Askrindo Muda Beri Efek Sosial melalui Relawan Bakti BUMN

JAKARTA – Dalam rangka mewujudkan kegiatan sosial kemasyarakatan melalui Proyek Tanggung Jawab Sosial dan juga Lingkungan BUMN , Kementerian BUMN kembali mengadakan aksi Inisiatif Relawan Bakti BUMN batch VI. Rencana yang dimaksud serentak dilaksanakan pada 14 sampai dengan 17 Agustus 2024 di tempat 10 lokasi berbeda, antara lain; Halmahera, Likupang, Lembata, Pasuruan, Jembrana, Solo, Subang, Bangka, Nias, Banda Neira.
Menteri BUMN, Erick Thohir, menyampaikan bahwa pelaksanaan Rencana Relawan Bakti BUMN Batch VI ini memiliki makna yang tersebut sangat mendalam dikarenakan bertepatan dengan perayaan Hari Kemerdekaan Republik Indonesia pada tanggal 17 Agustus 2024.
Dalam kesempatan bersejarah ini, kegiatan yang dimaksud diharapkan tidaklah belaka menguatkan semangat gotong royong dan juga kepedulian sosial di area kalangan karyawan BUMN, tetapi juga menjadi bukti nyata partisipasi BUMN di memulai pembangunan bangsa.
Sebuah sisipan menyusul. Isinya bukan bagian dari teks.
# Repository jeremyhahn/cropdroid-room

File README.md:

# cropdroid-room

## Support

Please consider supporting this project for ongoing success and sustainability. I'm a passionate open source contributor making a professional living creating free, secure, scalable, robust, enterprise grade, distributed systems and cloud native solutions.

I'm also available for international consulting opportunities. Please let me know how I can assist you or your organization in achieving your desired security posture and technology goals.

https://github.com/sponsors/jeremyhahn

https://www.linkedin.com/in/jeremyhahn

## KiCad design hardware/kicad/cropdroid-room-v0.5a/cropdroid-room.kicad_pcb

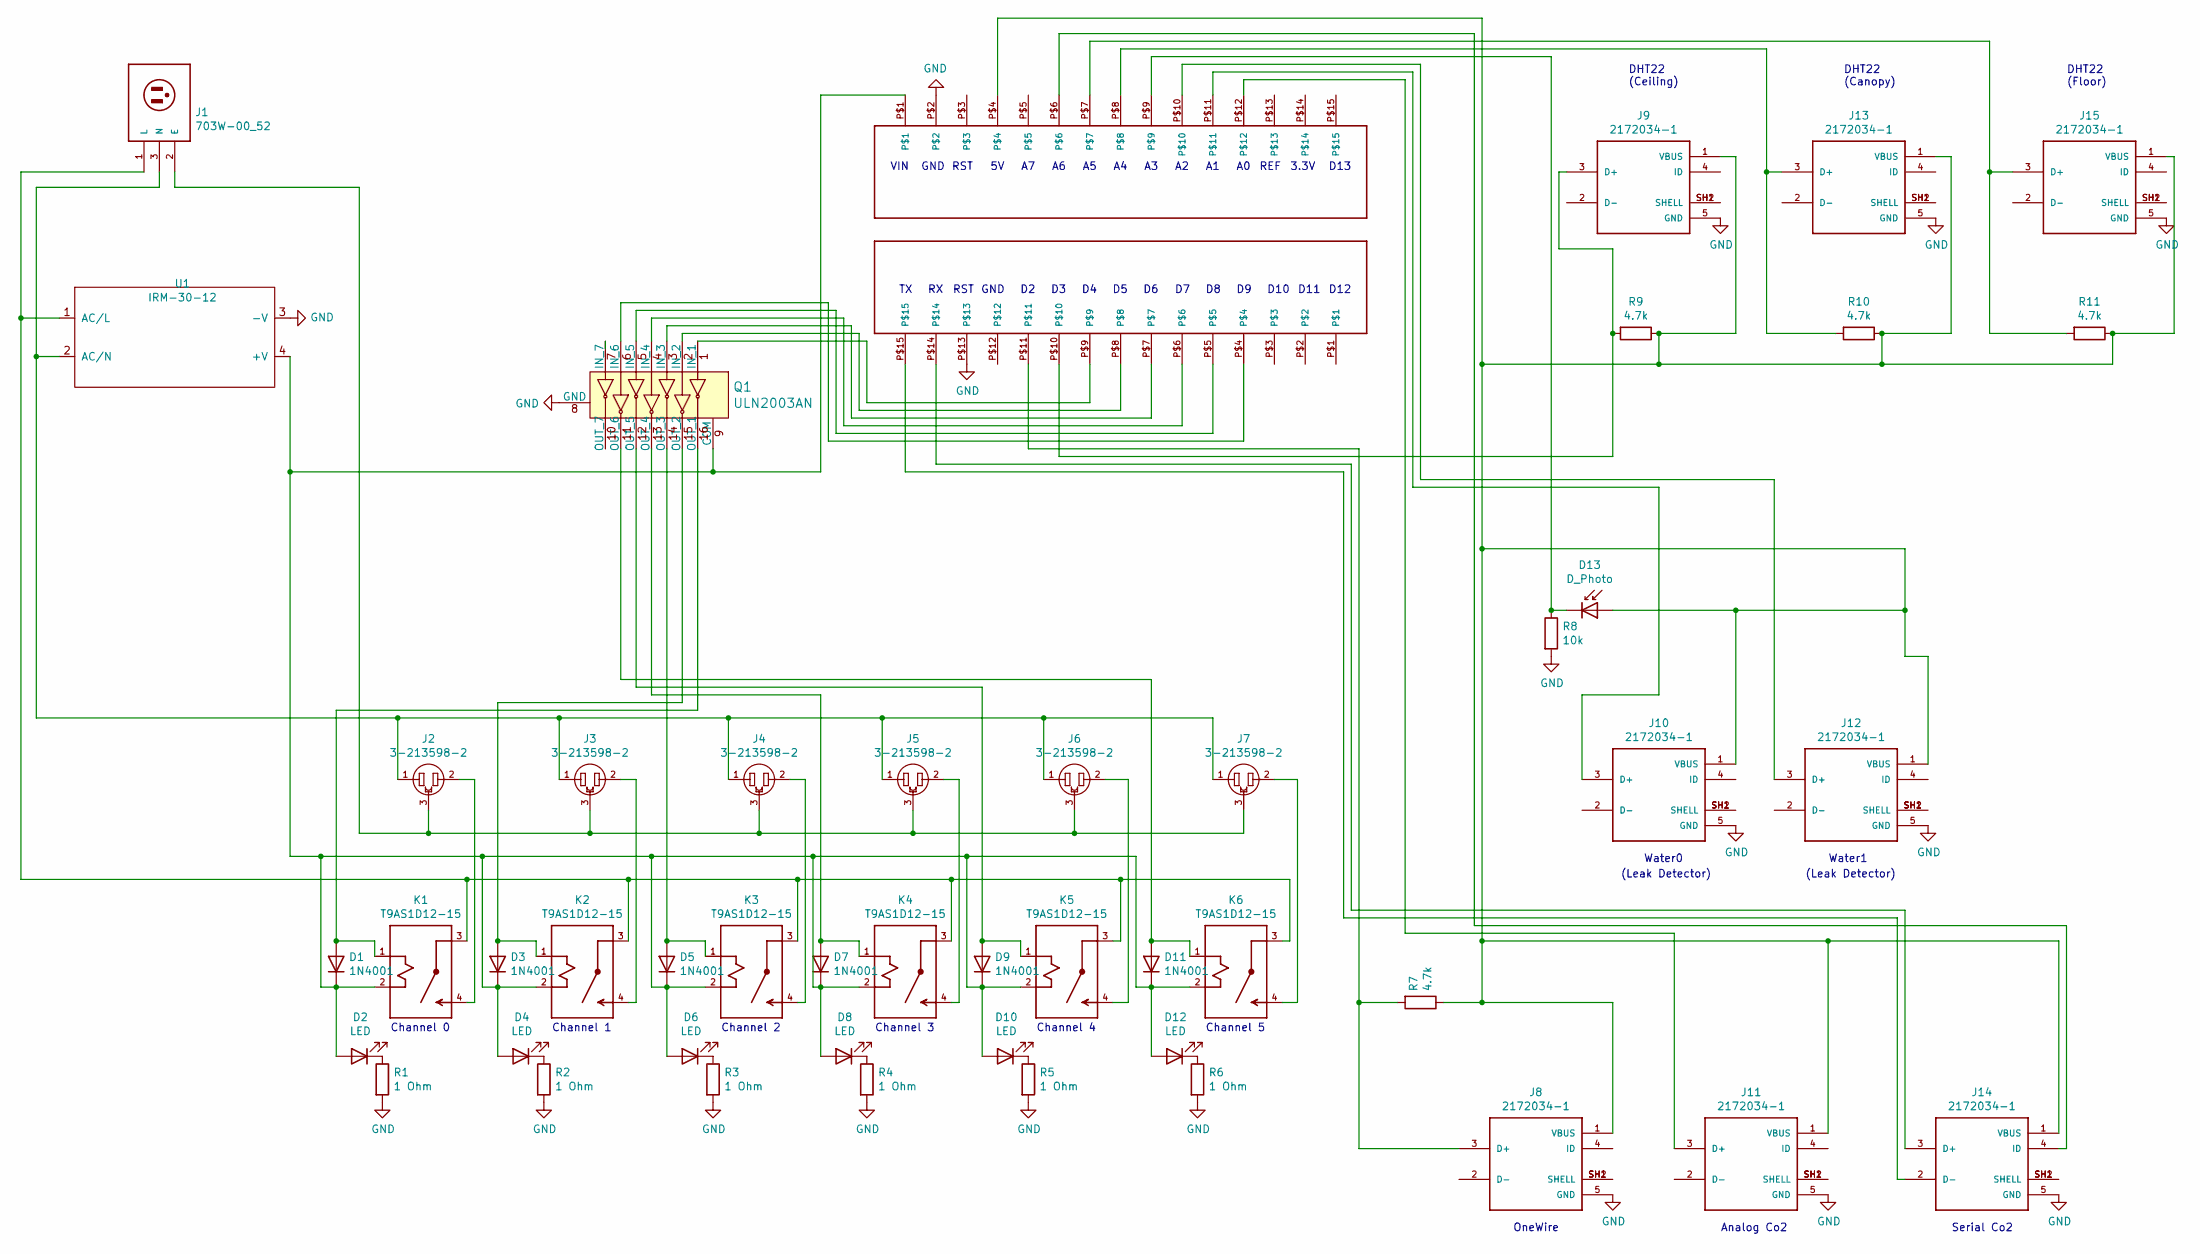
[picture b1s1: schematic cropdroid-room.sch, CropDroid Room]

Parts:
D1, D3, D5, D7, D9, D11: 1N4001; D_DO-41_SOD81_P10.16mm_Horizontal
D2, D4, D6, D8, D10, D12: LED; CAPPRD350W60D800H2000
D13: D_Photo; PHODET_PDV-P8103
J1: 703W-00_52; 52
J2, J3, J4, J5, J6, J7: 3-213598-2; TE_3-213598-2
J8, J9, J10, J11, J12, J13, J14, J15: 2172034-1; TE_2172034-1
K1, K2, K3, K4, K5, K6: T9AS1D12-15; RELAY_T9AS1D12-15
Q1: ULN2003AN; DIP-16_W7.62mm; MPN ULN2003AN; Digi-Key_PN 296-1979-5-ND
R1, R2, R3, R4, R5, R6: 1 Ohm; R_Axial_DIN0207_L6.3mm_D2.5mm_P10.16mm_Horizontal
R7, R9, R10, R11: 4.7k; R_Axial_DIN0207_L6.3mm_D2.5mm_P10.16mm_Horizontal
R8: 10k; R_Axial_DIN0207_L6.3mm_D2.5mm_P10.16mm_Horizontal
U1: IRM-30-12
U2, U3: PPTC151LFBN-RC

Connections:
GND: J8.5 (GND), J9.5 (GND), J10.5 (GND), J11.5 (GND), J12.5 (GND), J13.5 (GND), J14.5 (GND), J15.5 (GND), Q1.8 (GND), R1.2, R2.2, R3.2, R4.2, R5.2, R6.2, R8.2, U1.3 (-V), U2.P$2, U3.P$13
unnamed: D1.1 (K), D2.2 (A), D3.1 (K), D4.2 (A), D5.1 (K), D6.2 (A), D7.1 (K), D8.2 (A), D9.1 (K), D10.2 (A), D11.1 (K), D12.2 (A), K1.2 (A2), K2.2 (A2), K3.2 (A2), K4.2 (A2), K5.2 (A2), K6.2 (A2), Q1.9 (COM), U1.4 (+V), U2.P$1
unnamed: D1.2 (A), K1.1 (A1), Q1.16 (OUT_1)
unnamed: D2.1 (K), R1.1
unnamed: D3.2 (A), K2.1 (A1), Q1.15 (OUT_2)
unnamed: D4.1 (K), R2.1
unnamed: D5.2 (A), K3.1 (A1), Q1.14 (OUT_3)
unnamed: D6.1 (K), R3.1
unnamed: D7.2 (A), K4.1 (A1), Q1.13 (OUT_4)
unnamed: D8.1 (K), R4.1
unnamed: D9.2 (A), K5.1 (A1), Q1.12 (OUT_5)
unnamed: D10.1 (K), R5.1
unnamed: D11.2 (A), K6.1 (A1), Q1.11 (OUT_6)
unnamed: D12.1 (K), R6.1
unnamed: D13.1 (K), R8.1, U2.P$9
unnamed: D13.2 (A), J8.1 (VBUS), J9.1 (VBUS), J10.1 (VBUS), J11.1 (VBUS), J12.1 (VBUS), J13.1 (VBUS), J14.1 (VBUS), J15.1 (VBUS), R7.1, R9.1, R10.1, R11.1, U2.P$4
unnamed: J1.1 (L), K1.3 (C), K2.3 (C), K3.3 (C), K4.3 (C), K5.3 (C), K6.3 (C), U1.1 (AC/L)
unnamed: J1.2 (E), J2.3, J3.3, J4.3, J5.3, J6.3, J7.3
unnamed: J1.3 (N), J2.1, J3.1, J4.1, J5.1, J6.1, J7.1, U1.2 (AC/N)
unnamed: J2.2, K1.4 (NO)
unnamed: J3.2, K2.4 (NO)
unnamed: J4.2, K3.4 (NO)
unnamed: J5.2, K4.4 (NO)
unnamed: J6.2, K5.4 (NO)
unnamed: J7.2, K6.4 (NO)
unnamed: J8.3 (D+), R7.2, U3.P$11
unnamed: J8.SH1 (SHELL), J8.SH2 (SHELL)
unnamed: J9.3 (D+), R9.2, U3.P$10
unnamed: J9.SH1 (SHELL), J9.SH2 (SHELL)
unnamed: J10.3 (D+), U2.P$11
unnamed: J10.SH1 (SHELL), J10.SH2 (SHELL)
unnamed: J11.3 (D+), U2.P$12
unnamed: J11.SH1 (SHELL), J11.SH2 (SHELL)
unnamed: J12.3 (D+), U2.P$10
unnamed: J12.SH1 (SHELL), J12.SH2 (SHELL)
unnamed: J13.3 (D+), R10.2, U2.P$8
unnamed: J13.SH1 (SHELL), J13.SH2 (SHELL)
unnamed: J14.2 (D-), U3.P$15
unnamed: J14.3 (D+), U3.P$14
unnamed: J14.4 (ID), U2.P$6
unnamed: J14.SH1 (SHELL), J14.SH2 (SHELL)
unnamed: J15.3 (D+), R11.2, U2.P$7
unnamed: J15.SH1 (SHELL), J15.SH2 (SHELL)
unnamed: Q1.1 (IN_1), U3.P$9
unnamed: Q1.2 (IN_2), U3.P$8
unnamed: Q1.3 (IN_3), U3.P$7
unnamed: Q1.4 (IN_4), U3.P$6
unnamed: Q1.5 (IN_5), U3.P$5
unnamed: Q1.6 (IN_6), U3.P$4

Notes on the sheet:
Water0
Water1
(Leak Detector)
Channel 1
Channel 2
Channel 3
Channel 4
Channel 0
DHT22 (Ceiling)
DHT22 (Canopy)
DHT22 (Floor)
Channel 5
D12
D11
D10
D13
3.3V
REF
RST
GND
VIN
Analog Co2
OneWire
Serial Co2

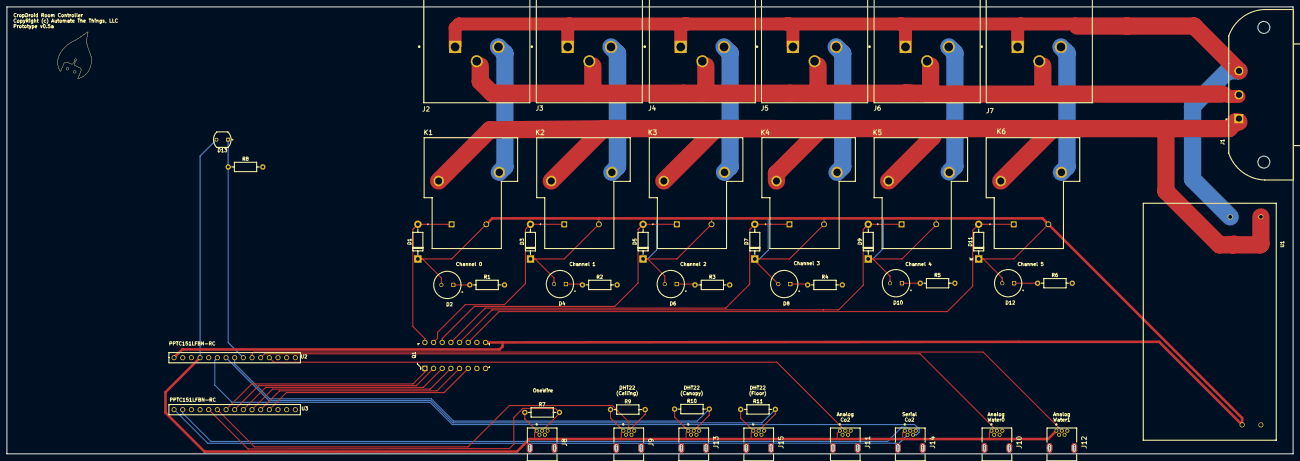
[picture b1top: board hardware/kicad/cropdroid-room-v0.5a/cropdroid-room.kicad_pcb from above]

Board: 2 copper layers, 377.2 x 131.1 mm, 49 parts (0 on the bottom side), 49 nets.

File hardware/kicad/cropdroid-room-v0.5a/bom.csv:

Reference, Quantity, Value, Footprint, Datasheet, Category, DK_Datasheet_Link, DK_Detail_Page, Description, Digi-Key_PN, Family, MPN, Manufacturer, Status, Field4, Field5, Field6
D13 ,1,"D_Photo","libraries:PHODET_PDV-P8103","~"
D3 D5 D7 D9 D1 D11 ,6,"1N4001","Diode_THT:D_DO-41_SOD81_P10.16mm_Horizontal","http://www.vishay.com/docs/88503/1n4001.pdf"
D4 D6 D8 D10 D2 D12 ,6,"LED","libraries:CAPPRD350W60D800H2000","~"
J1 ,1,"703W-00_52","703W-00_52:52","Qualtek","","","","","","","","","","B","Manufacturer Recommendations",""
J2 J3 J4 J5 J6 J7 ,6,"3-213598-2","3-213598-2:TE_3-213598-2","https://www.te.com/usa-en/product-3-213598-2.html?te_bu=Cor&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","","","","","","","","","","Compliant","3-213598-2","Convenience Outlet"
J9 J13 J15 J10 J12 J8 J11 J14 ,8,"2172034-1","TE_2172034-1","Compliant","","","","","","","","","","2172034-1","https://www.te.com/usa-en/product-2172034-1.html?te_bu=Cor&t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",""
K2 K3 K4 K5 K1 K6 ,6,"T9AS1D12-15","T9AS1D12-15:RELAY_T9AS1D12-15","https://www.te.com/usa-en/product-1-1393210-4.html?te_bu=Cor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","","","","","","","","","","1-1393210-4","",""
Q1 ,1,"ULN2003AN","digikey-footprints:DIP-16_W7.62mm","http://www.ti.com/general/docs/suppproductinfo.tsp?distId=10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","Discrete Semiconductor Products","http://www.ti.com/general/docs/suppproductinfo.tsp?distId=10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","/product-detail/en/texas-instruments/ULN2003AN/296-1979-5-ND/277624","IC PWR RELAY 7NPN 1:1 16DIP","296-1979-5-ND","Transistors - Bipolar (BJT) - Arrays","ULN2003AN","Texas Instruments","Active","","",""
R2 R3 R4 R5 R1 R6 ,6,"1 Ohm","Resistor_THT:R_Axial_DIN0207_L6.3mm_D2.5mm_P10.16mm_Horizontal","~"
R8 ,1,"10k","Resistor_THT:R_Axial_DIN0207_L6.3mm_D2.5mm_P10.16mm_Horizontal","~"
R9 R10 R11 R7 ,4,"4.7k","Resistor_THT:R_Axial_DIN0207_L6.3mm_D2.5mm_P10.16mm_Horizontal","~"
U1 ,1,"IRM-30-12","IRM-30-12:IRM-30-12",""
U3 U2 ,2,"PPTC151LFBN-RC","PPTC151LFBN-RC:PPTC151LFBN-RC",""

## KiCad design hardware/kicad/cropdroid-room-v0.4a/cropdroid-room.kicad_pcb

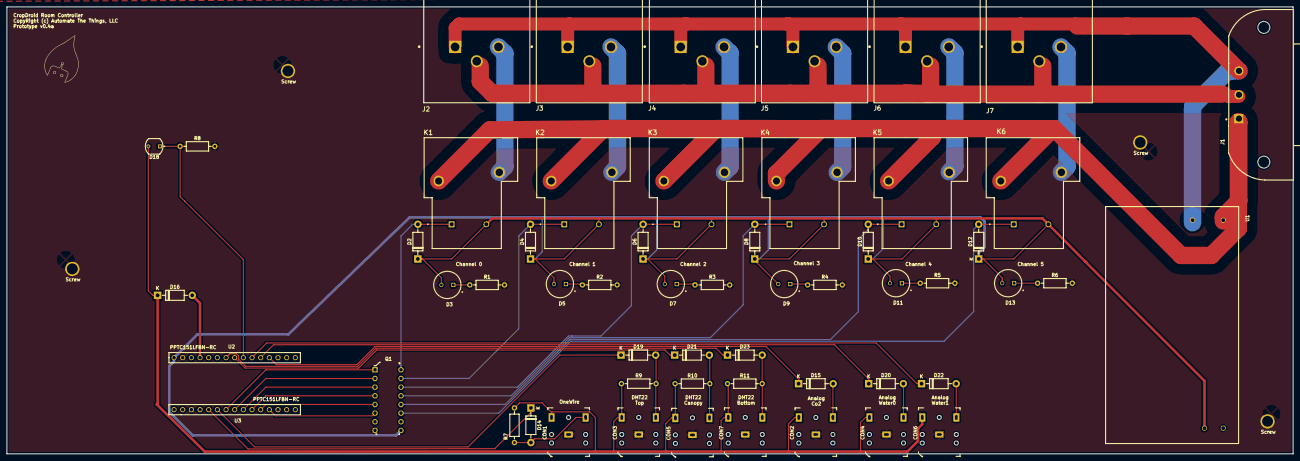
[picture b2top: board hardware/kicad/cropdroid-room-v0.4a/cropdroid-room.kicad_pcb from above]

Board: 2 copper layers, 377.2 x 131.1 mm, 60 parts (0 on the bottom side), 46 nets.

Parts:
CON1, CON2, CON3, CON4, CON5, CON6, CON7: SJ1-3523N; Headphone_Jack_3.5mm_SJ1-3523N
D2, D4, D6, D8, D10, D12, D14, D15, D16, D19, D20, D21, D22, D23: 1N4001; D_DO-41_SOD81_P10.16mm_Horizontal
D3, D5, D7, D9, D11, D13: LED; CAPPRD350W60D800H2000
D18: D_Photo; PHODET_PDV-P8103
J1: 703W-00_52; 52
J2, J3, J4, J5, J6, J7: 3-213598-2; TE_3-213598-2
K1, K2, K3, K4, K5, K6: T9AS1D12-15; RELAY_T9AS1D12-15
Q1: ULN2003AN; DIP-16_W7.62mm
R1, R2, R3, R4, R5, R6: 1 Ohm; R_Axial_DIN0207_L6.3mm_D2.5mm_P10.16mm_Horizontal
R7, R9, R10, R11: 4.7k; R_Axial_DIN0207_L6.3mm_D2.5mm_P10.16mm_Horizontal
R8: 10k; R_Axial_DIN0207_L6.3mm_D2.5mm_P10.16mm_Horizontal
Screw: Drill; Drill_Hole
Screw#2, Screw#3, Screw#4: Drill; Drill_Hole
U1: IRM-30-12
U2, U3: PPTC151LFBN-RC

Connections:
GND: CON1.1, CON2.1, CON3.1, CON4.1, CON5.1, CON6.1, CON7.1, Q1.8, R1.2, R2.2, R3.2, R4.2, R5.2, R6.2, R8.2, U1.3, U2.P$2, U3.P$13
unnamed: CON1.2, D14.2, R7.2
unnamed: CON1.3, CON2.3, CON3.3, CON4.3, CON5.3, CON6.3, CON7.3, D16.1, D18.2, R7.1, R9.1, R10.1, R11.1
unnamed: CON2.2, D15.2
unnamed: CON3.2, D19.2, R9.2
unnamed: CON4.2, D20.2
unnamed: CON5.2, D21.2, R10.2
unnamed: CON6.2, D22.2
unnamed: CON7.2, D23.2, R11.2
unnamed: D2.2, K1.1, Q1.16
unnamed: D3.1, R1.1
unnamed: D4.2, K2.1, Q1.15
unnamed: D5.1, R2.1
unnamed: D6.2, K3.1, Q1.14
unnamed: D7.1, R3.1
unnamed: D8.2, K4.1, Q1.13
unnamed: D9.1, R4.1
unnamed: D2.1, D3.2, D4.1, D5.2, D6.1, D7.2, D8.1, D9.2, D10.1, D11.2, D12.1, D13.2, K1.2, K2.2, K3.2, K4.2, K5.2, K6.2, Q1.9, U1.4, U2.P$1
unnamed: D10.2, K5.1, Q1.12
unnamed: D11.1, R5.1
unnamed: D12.2, K6.1, Q1.11
unnamed: D13.1, R6.1
unnamed: D14.1, U3.P$11
unnamed: D15.1, U2.P$12
unnamed: D16.2, U2.P$4
unnamed: D18.1, R8.1, U2.P$9
unnamed: D19.1, U3.P$10
unnamed: D20.1, U2.P$11
unnamed: D21.1, U2.P$8
unnamed: D22.1, U2.P$10
unnamed: D23.1, U2.P$7
unnamed: J1.1, K1.3, K2.3, K3.3, K4.3, K5.3, K6.3, U1.1
unnamed: J1.2, J2.3, J3.3, J4.3, J5.3, J6.3, J7.3
unnamed: J1.3, J2.1, J3.1, J4.1, J5.1, J6.1, J7.1, U1.2
unnamed: J2.2, K1.4
unnamed: J3.2, K2.4
unnamed: J4.2, K3.4
unnamed: J5.2, K4.4
unnamed: J6.2, K5.4
unnamed: J7.2, K6.4
unnamed: Q1.1, U3.P$9
unnamed: Q1.2, U3.P$8
unnamed: Q1.3, U3.P$7
unnamed: Q1.4, U3.P$6
unnamed: Q1.5, U3.P$5
unnamed: Q1.6, U3.P$4

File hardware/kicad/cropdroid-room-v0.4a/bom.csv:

Reference, Quantity, Value, Footprint, Datasheet, Category, DK_Datasheet_Link, DK_Detail_Page, Description, Digi-Key_PN, Family, MPN, Manufacturer, Status, Field4, Field5, Field6
CON6 CON3 CON5 CON7 CON4 CON2 CON1 ,7,"SJ1-3523N","digikey-footprints:Headphone_Jack_3.5mm_SJ1-3523N","https://www.cui.com/product/resource/digikeypdf/sj1-352xn_se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","Connectors, Interconnects","https://www.cui.com/product/resource/digikeypdf/sj1-352xn_se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","/product-detail/en/cui-inc/SJ1-3523N/CP1-3523N-ND/738689","CONN JACK STEREO 3.5MM R/A","CP1-3523N-ND","Barrel - Audio Connectors","SJ1-3523N","CUI Inc.","Active","","",""
D1 ,1,"1N5400","Diode_THT:D_DO-201AD_P15.24mm_Horizontal","http://www.vishay.com/docs/88516/1n5400.pdf"
D18 ,1,"D_Photo","libraries:PHODET_PDV-P8103","~"
D4 D6 D8 D10 D2 D12 D23 D21 D20 D22 D19 D14 D15 D16 ,14,"1N4001","Diode_THT:D_DO-41_SOD81_P10.16mm_Horizontal","http://www.vishay.com/docs/88503/1n4001.pdf"
D5 D7 D9 D11 D3 D13 ,6,"LED","libraries:CAPPRD350W60D800H2000","~"
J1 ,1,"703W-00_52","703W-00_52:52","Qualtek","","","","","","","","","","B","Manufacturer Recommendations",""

Program ini sejalan dengan isu-isu utama yang tersebut menjadi perhatian dalam penduduk yang tersebut diselaraskan dengan Fokus Fokus Inisiatif Tanggung Jawab Sosial dan juga Lingkungan BUMN yang ditetapkan oleh Menteri BUMN, Erick Thohir, yaitu Sosial, Pendidikan, Lingkungan lalu Pengembangunan UMK.
Dari rangkaian tahapan seleksi, terdapat empat Askrindo Muda yang digunakan terpilih menjadi bagian dari 100 Relawan BUMN yang mana berkontribusi bagi Indonesia. Empat Askrindo Muda yang digunakan diberangkatkan sebagai Relawan di dalam berbagai wilayah Indonesia, yaitu Yuni Naomi (Nias, Sumatera Utara), Rizki Kurniawan (Bangka, Kep. Bangka Belitung), Sri Rejeki Retno (Lembata, Nusa tenggara Timur), lalu Laili Ana (Halmahera, Maluku Utara).
Yuni Naomi, salah satu perwakilan Askrindo Muda sebagai Relawan Bakti BUMN Batch VI di tempat Nias, Sumatera Utara, menyatakan bahwa kegiatan Proyek Bakti BUMN menyokong berbagai inisiatif pemberdayaan serta pembangunan pada Desa Hilisimaetano.
“Mewakili Askrindo sebagai Relawan Bakti BUMN, saya dapat secara langsung berkontribusi pada mengajar siswa, melakukan pengecatan ruang kelas, memberikan edukasi pengelolaan sampah, mendampingi diskusi terkait UMKM, dan juga bergabung juga pada revitalisasi gedung sekolah serta rumah warga,” kata Yuni.
Dalam partisipasinya, kegiatan-kegiatan yang dimaksud memiliki dampak dengan segera terhadap peningkatan sarana pendidikan, pengelolaan lingkungan, juga pemberdayaan perekonomian penduduk di tempat Desa Hilisimaetano.